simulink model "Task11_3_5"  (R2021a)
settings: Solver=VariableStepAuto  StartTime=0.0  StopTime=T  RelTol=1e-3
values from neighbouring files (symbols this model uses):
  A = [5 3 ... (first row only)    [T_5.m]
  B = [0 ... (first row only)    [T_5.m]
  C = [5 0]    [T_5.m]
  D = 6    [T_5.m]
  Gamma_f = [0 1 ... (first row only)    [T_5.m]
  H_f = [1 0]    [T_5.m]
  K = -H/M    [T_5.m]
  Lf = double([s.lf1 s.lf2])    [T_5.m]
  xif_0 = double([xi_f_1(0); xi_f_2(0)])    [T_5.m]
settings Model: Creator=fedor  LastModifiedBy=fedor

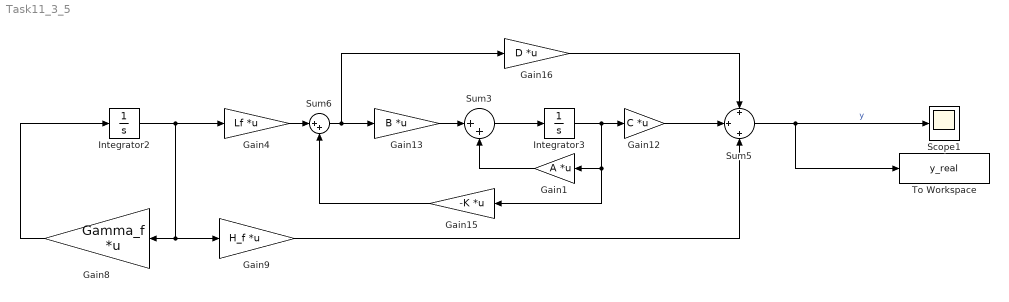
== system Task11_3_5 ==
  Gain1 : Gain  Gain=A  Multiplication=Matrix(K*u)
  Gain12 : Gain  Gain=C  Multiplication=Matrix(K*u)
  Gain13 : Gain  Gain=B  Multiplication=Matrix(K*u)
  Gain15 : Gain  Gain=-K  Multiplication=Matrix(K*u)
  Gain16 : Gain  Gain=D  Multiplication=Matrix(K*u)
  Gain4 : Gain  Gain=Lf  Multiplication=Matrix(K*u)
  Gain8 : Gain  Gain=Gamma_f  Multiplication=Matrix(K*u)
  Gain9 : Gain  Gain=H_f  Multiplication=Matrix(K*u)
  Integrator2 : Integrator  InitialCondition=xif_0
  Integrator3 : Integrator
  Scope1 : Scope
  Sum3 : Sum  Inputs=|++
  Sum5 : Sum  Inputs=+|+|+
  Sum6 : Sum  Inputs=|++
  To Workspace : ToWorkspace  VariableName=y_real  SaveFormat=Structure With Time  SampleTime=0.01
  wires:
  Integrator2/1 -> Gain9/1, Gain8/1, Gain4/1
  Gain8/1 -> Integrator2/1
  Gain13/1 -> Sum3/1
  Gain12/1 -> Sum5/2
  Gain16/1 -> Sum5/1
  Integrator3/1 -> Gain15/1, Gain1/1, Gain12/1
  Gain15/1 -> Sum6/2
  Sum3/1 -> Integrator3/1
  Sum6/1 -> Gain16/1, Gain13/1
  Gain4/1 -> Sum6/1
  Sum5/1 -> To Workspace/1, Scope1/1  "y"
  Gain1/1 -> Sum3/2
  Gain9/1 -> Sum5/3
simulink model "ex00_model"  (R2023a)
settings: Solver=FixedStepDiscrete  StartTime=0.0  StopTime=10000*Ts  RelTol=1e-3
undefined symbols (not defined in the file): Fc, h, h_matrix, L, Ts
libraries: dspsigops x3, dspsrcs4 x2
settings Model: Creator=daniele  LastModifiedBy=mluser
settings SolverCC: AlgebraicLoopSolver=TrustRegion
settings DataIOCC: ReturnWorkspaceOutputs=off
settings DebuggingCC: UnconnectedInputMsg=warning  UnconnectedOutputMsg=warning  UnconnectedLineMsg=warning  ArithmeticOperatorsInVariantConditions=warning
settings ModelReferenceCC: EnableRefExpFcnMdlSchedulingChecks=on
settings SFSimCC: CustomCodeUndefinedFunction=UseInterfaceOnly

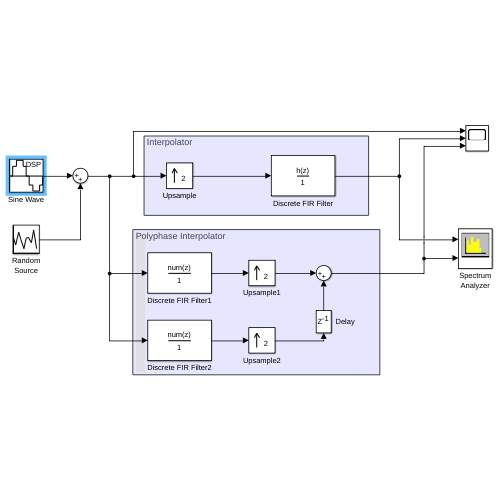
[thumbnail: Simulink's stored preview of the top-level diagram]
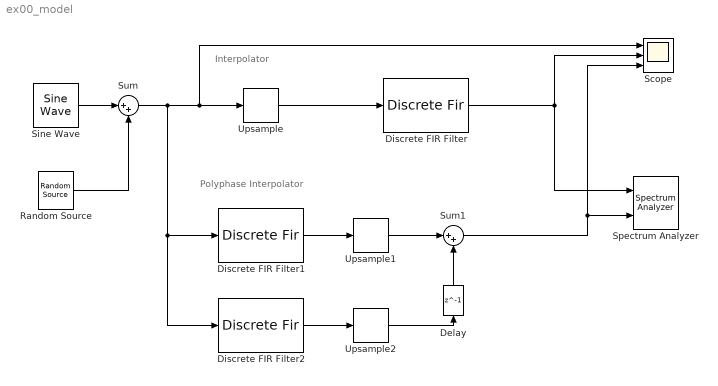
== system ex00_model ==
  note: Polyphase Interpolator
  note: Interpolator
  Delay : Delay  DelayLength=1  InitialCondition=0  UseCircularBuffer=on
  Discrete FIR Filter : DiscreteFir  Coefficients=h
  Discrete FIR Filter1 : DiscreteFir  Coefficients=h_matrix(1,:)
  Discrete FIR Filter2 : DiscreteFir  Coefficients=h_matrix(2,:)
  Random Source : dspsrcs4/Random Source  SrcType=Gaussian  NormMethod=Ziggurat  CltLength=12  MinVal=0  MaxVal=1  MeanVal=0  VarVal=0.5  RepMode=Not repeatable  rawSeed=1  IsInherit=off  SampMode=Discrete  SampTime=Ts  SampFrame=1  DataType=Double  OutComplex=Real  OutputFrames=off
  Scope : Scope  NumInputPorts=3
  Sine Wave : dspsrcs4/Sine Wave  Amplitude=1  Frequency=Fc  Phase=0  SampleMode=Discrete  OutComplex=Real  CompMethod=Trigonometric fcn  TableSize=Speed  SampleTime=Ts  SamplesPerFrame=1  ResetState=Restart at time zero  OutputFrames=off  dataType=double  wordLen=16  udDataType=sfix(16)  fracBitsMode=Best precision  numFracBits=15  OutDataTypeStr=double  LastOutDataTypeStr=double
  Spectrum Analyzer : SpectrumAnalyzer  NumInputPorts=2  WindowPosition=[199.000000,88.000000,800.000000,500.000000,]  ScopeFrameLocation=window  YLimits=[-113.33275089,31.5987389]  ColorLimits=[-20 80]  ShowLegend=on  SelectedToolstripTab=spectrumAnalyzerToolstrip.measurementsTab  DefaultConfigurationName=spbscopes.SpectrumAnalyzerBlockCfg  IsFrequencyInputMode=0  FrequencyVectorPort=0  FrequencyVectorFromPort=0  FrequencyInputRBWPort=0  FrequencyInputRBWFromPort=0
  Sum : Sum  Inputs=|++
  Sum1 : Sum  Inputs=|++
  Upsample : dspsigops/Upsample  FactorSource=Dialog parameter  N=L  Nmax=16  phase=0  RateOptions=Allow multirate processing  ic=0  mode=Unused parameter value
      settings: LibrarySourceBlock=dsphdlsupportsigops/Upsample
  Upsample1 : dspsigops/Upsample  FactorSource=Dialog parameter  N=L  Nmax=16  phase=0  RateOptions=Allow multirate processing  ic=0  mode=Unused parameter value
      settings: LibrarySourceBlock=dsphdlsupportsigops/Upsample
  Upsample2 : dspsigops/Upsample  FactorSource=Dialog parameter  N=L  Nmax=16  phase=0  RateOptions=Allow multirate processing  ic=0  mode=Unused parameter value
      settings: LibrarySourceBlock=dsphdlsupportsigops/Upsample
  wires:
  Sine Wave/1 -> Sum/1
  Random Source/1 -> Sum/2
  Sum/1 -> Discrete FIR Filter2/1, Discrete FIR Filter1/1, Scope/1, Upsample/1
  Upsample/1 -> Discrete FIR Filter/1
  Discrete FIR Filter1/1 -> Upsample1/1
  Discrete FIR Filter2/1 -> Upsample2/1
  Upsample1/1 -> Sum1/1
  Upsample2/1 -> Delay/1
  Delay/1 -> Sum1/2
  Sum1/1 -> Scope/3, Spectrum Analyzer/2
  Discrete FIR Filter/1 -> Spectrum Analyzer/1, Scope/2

--------------------------------

◆ Work instructions:
Would you print exactly, and only, the lines of the data above from the line with "Gain9/1 -> Sum5/3" through the line with "libraries: dspsigops x3, dspsrcs4 x2", inclusive?

◆ Your solution:
  Gain9/1 -> Sum5/3
simulink model "ex00_model"  (R2023a)
settings: Solver=FixedStepDiscrete  StartTime=0.0  StopTime=10000*Ts  RelTol=1e-3
undefined symbols (not defined in the file): Fc, h, h_matrix, L, Ts
libraries: dspsigops x3, dspsrcs4 x2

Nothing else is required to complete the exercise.